After all that work, we have to wrap our cakes up and bring not so much as a speck of cake to our lips for two months. My husband has very fond memories of this cake, especially the brandy pouring part. For religious reasons, alcohol was strictly forbidden, so procuring the brandy was always a bit of a covert mission. Paul’s father Ralph would head out of town for the aforementioned spirit, and Paul remembers having a secret nip with his mum when she dosed the cakes.
His grandmother, affectionately known as Lammie, loved this cake and it always puzzled him as to why she had a bottle of brandy in the house for ‘medicinal purposes only’ when she was the most vocal and strict advocate of tee-totaling. He vividly recalls her having to be revived with brandy and demanding more once she had recovered!
Ethel’s Christmas Cake
We have adapted this recipe to include our home-grown dried apples and walnuts and substituted cranberries for glace cherries. Makes 2 cakes.
INGREDIENTS
Bowl 1:
In one bowl, mix together:
1½ cups dried seedless prunes, chopped
1 cup dried apricots, chopped
4 cups raisins
1½ cups currants
2 cups dates, chopped
1 cup dried apple, chopped
2 cups cranberries, soaked in a little brandy overnight
2½ cups coarsely chopped almonds/walnuts/pecans
1 cup flour
Bowl 2:
Mix together:
2 cups flour
½ tsp baking soda
½ tsp salt
2 tsp allspice
2 tsp cinnamon
1½ tsp nutmeg
1 tsp mace
½ tsp ginger
½ tsp cloves
Bowl 3:
Cream together:
1 cup butter
1½ cups brown sugar
Other ingredients
½ cup molasses
⅔ cup strawberry or raspberry jam
brandy
METHOD
Mix the contents of Bowl 2 and Bowl 3, then add the molasses and jam. Mix until smooth. Pour into Bowl 1 and stir everything together.
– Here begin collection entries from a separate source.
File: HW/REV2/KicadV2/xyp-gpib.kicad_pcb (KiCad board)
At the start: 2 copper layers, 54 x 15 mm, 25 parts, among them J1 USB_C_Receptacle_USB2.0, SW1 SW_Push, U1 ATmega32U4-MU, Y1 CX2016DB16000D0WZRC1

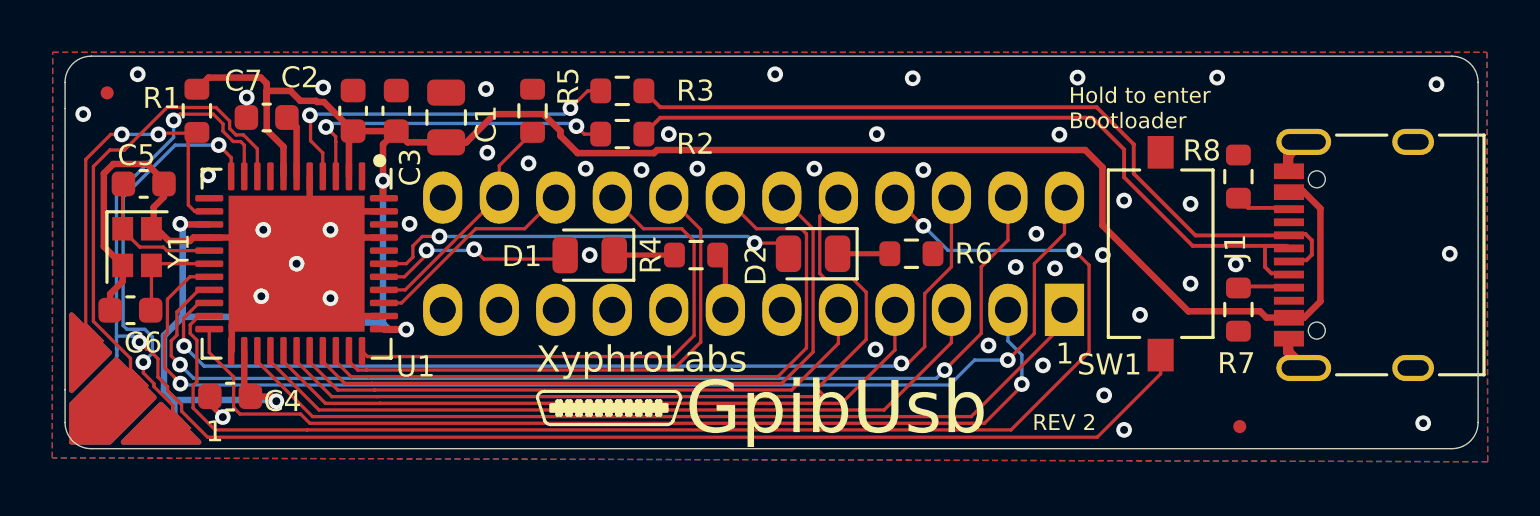
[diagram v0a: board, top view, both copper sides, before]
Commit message: [MOD] Re-route with proper rules and USBLC6-2P6
Signed-off-by: Silvano Cortesi <silvano.cortesi@hotmail.com>
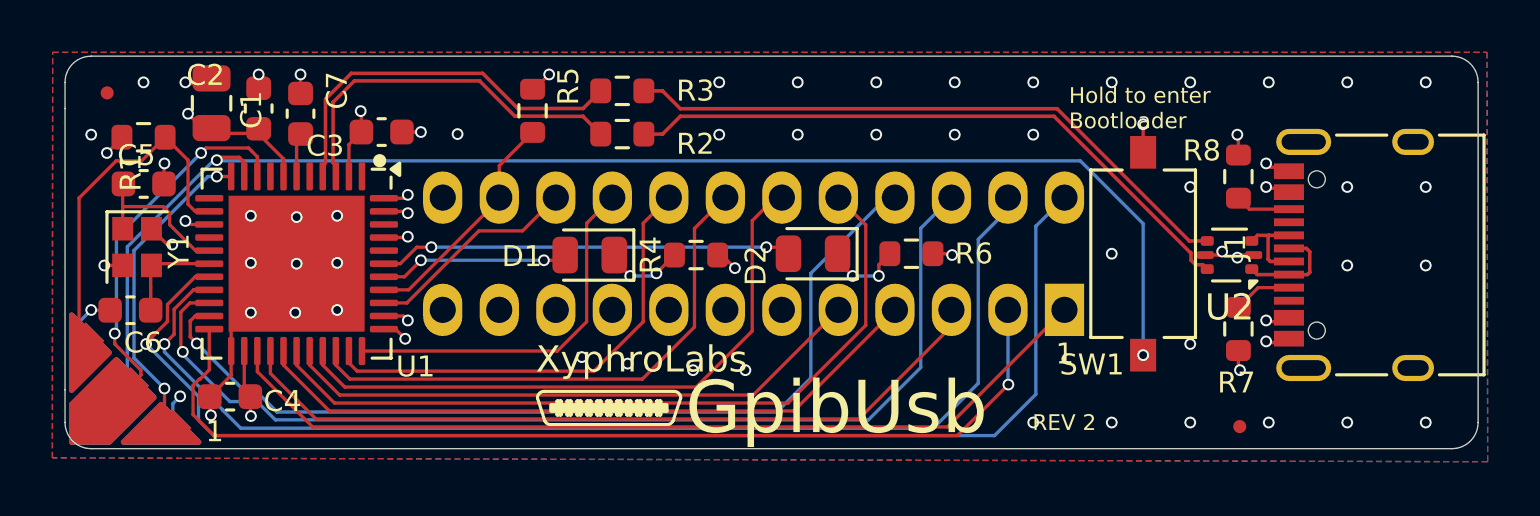
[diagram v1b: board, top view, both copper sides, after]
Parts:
- added U2: USBLC6-2P6, Package_TO_SOT_SMD:SOT-666, F.Cu at (224.5, 82.6)
- GPIB1: value 112-024-113R001 -> 111-024-113L001; footprint gpib:112024113R001 -> usbgpib-footprints:GPIB
- ISP1: footprint Kai:EdgeProg -> usbgpib-footprints:EdgeProg-ISP
- R7: value 10k -> 5k1
- moved C1 8.98 mm to (185.6, 76.8)
- moved C2 3.61 mm to (187.4, 77.0)
- moved R1 2.28 mm to (183.0, 78.1), turned to 0 degrees
- moved C7 1.30 mm to (189.0, 77.2), turned to 90 degrees
- moved C3 0.98 mm to (192.1, 77.9), turned to 0 degrees
- moved R7 0.74 mm to (224.8, 85.4)
- moved SW1 0.67 mm to (221.2, 82.5)
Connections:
- net Net-(U1-D+) renamed /MCU_D+
- net Net-(U1-D-) renamed /MCU_D-
- J1 pad A6: /D+ -> /USB_D+
- J1 pad A7: /D- -> /USB_D-
- J1 pad B6: /D+ -> /USB_D+
- J1 pad B7: /D- -> /USB_D-
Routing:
- net +5V: track 94.8 -> 18.1 mm, vias 4 -> 11
- net GND: track 32.4 -> 52.8 mm, vias 45 -> 65
- net /DIO4: track 51.8 -> 35.3 mm, vias 2 -> 1
- net /MOSI: track 60.1 -> 53.3 mm
- net /IFC: track 21.0 -> 14.2 mm
- net /NRFD: track 27.1 -> 20.7 mm
- net /D+: track 30.1 -> 23.9 mm
- net /D-: track 30.2 -> 24.4 mm
- net /SCK: track 18.0 -> 14.0 mm, vias 0 -> 2
- net /USB_D-: track 0.00 -> 3.98 mm
- net /MISO: track 16.2 -> 12.3 mm
- net /DIO1: track 44.6 -> 48.5 mm, vias 2 -> 1
- net /USB_D+: track 0.00 -> 3.27 mm
- net /DIO2: track 41.0 -> 44.0 mm, vias 2 -> 1
- net /NDAC: track 20.4 -> 17.8 mm
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- added copper zone on In2.Cu, net +5V
- added copper zone on In1.Cu, net GND
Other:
- copper layers 2 -> 4

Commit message: [ADD] Fabrication output and Rev. 2.1
Signed-off-by: Silvano Cortesi <silvano.cortesi@hotmail.com>
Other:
- board text added: "REV 2.1"
- board text removed: "REV 2"
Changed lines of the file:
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@@
 		(tenting front back)
 		(pcbplotparams
-			(layerselection 0x00000000_00000000_55555555_5755f5ff)
+			(layerselection 0x00000000_00000000_55555555_575575ff)
 			(plot_on_all_layers_selection 0x00000000_00000000_00000000_00000000)
 			(disableapertmacros no)
@@
 			(drillshape 0)
 			(scaleselection 1)
-			(outputdirectory "gerbers/")
+			(outputdirectory "../Gerber filesV2/")
 		)
 	)
@@
 			(at -0.254 1.524 270)
 			(layer "F.SilkS")
+			(hide yes)
 			(effects
 				(font
@@
 			(at 1.27 -2.032 0)
 			(layer "F.SilkS")
+			(hide yes)
 			(effects
 				(font
@@
 			(at 0.889 1.397 90)
 			(layer "F.SilkS")
+			(hide yes)
 			(effects
 				(font
@@
 			(at 2.5908 -0.0508 0)
 			(layer "F.SilkS")
+			(hide yes)
 			(effects
 				(font
@@
 			(at -0.4826 1.3462 90)
 			(layer "F.SilkS")
+			(hide yes)
 			(effects
 				(font
@@
 			(at 2.794 0.381 180)
 			(layer "F.SilkS")
+			(hide yes)
 			(effects
 				(font
@@
 			(at 2.794 0 180)
 			(layer "F.SilkS")
+			(hide yes)
 			(effects
 				(font
@@
 			(at -1.7272 0 90)
 			(layer "F.SilkS")
+			(hide yes)
 			(effects
 				(font
@@
 			(at 0.9398 1.3716 270)
 			(layer "F.SilkS")
+			(hide yes)
 			(effects
 				(font
@@
 			(at 3.937 -4.5466 0)
 			(layer "F.SilkS")
+			(hide yes)
 			(effects
 				(font
@@
 			(at -0.2794 -1.0922 0)
 			(layer "F.SilkS")
+			(hide yes)
 			(effects
 				(font
@@
 			(at -0.4826 -1.2446 0)
 			(layer "F.SilkS")
+			(hide yes)
 			(effects
 				(font
@@
 			(at 0.1524 -1.6002 90)
 			(layer "F.SilkS")
+			(hide yes)
 			(effects
 				(font
@@
 			(at -2.159 0.5334 0)
 			(layer "F.SilkS")
+			(hide yes)
 			(effects
 				(font
@@
 			(at -2.0066 -0.1778 180)
 			(layer "F.SilkS")
+			(hide yes)
 			(effects
 				(font
@@
 			(at 0 -2 0)
 			(layer "F.SilkS")
+			(hide yes)
 			(effects
 				(font
@@
 			(at 0.3008 -5.715 90)
 			(layer "F.SilkS")
+			(hide yes)
 			(effects
 				(font
@@
 			(at 2.3876 0 0)
 			(layer "F.SilkS")
+			(hide yes)
 			(effects
 				(font
@@
 			(at 2.1844 -0.4572 90)
 			(layer "F.SilkS")
+			(hide yes)
 			(effects
 				(font
@@
 			(unlocked yes)
 			(layer "F.SilkS")
+			(hide yes)
 			(effects
 				(font
@@
 			(at 2.0574 0.0762 0)
 			(layer "F.SilkS")
+			(hide yes)
 			(effects
 				(font
@@
 			(at -0.9906 1.397 0)
 			(layer "F.SilkS")
+			(hide yes)
 			(effects
 				(font
@@
 		)
 	)
-	(gr_text "REV 2"
+	(gr_text "REV 2.1"
 		(at 216.9668 89.3572 0)
 		(layer "F.SilkS")
@@
 			(justify left bottom)
 		)
-		(render_cache "REV 2" 0
+		(render_cache "REV 2.1" 0
 			(polygon
 				(pts
@@
 				)
 			)
+			(polygon
+				(pts
+					(xy 219.769156 89.088724) (xy 219.947466 89.088724) (xy 219.947466 89.2552) (xy 219.769156 89.2552)
+				)
+			)
+			(polygon
+				(pts
+					(xy 220.410697 88.645569) (xy 220.410697 89.2552) (xy 220.24184 89.2552) (xy 220.24184 88.856632)
+					(xy 220.200569 88.885225) (xy 220.162522 88.906714) (xy 220.12148 88.92461) (xy 220.066388 88.94335)
+					(xy 220.066388 88.807356) (xy 220.122312 88.786283) (xy 220.165748 88.764089) (xy 220.198792 88.741081)
+					(xy 220.22787 88.713359) (xy 220.252398 88.681653) (xy 220.272578 88.645569)
+				)
+			)

Line two 20-24cm cake tins liberally with buttered paper. Bake at 150°C for 3-3½ hours, with a small pan of water in the oven. Let cool on racks in the tins. Remove from tins and poke all over with a skewer, sprinkle with brandy, then wrap in muslin, then tinfoil.
Leave it to sit for two months and sprinkle with more brandy at regular intervals.
Nancy’s Awesomely Quick Fruit Cake
INGREDIENTS
1kg fruit mix
2 cups orange or pineapple juice or coffee
2 cups self-raising flour
2 tsp cinnamon
¼ cup brandy
METHOD
Soak the fruit in the juice or coffee for an hour. Pre-heat the oven to 160°C. Add the self-raising flour and cinnamon to the fruit and mix well, then tip into a lined 20-24cm tin and bake for 1 hour until a skewer comes out clean.
Pour the brandy over the cake while still just warm (about 3 hours after it comes out of the oven), wrap in greaseproof paper and store in a tin/container in a dark place for a week before eating.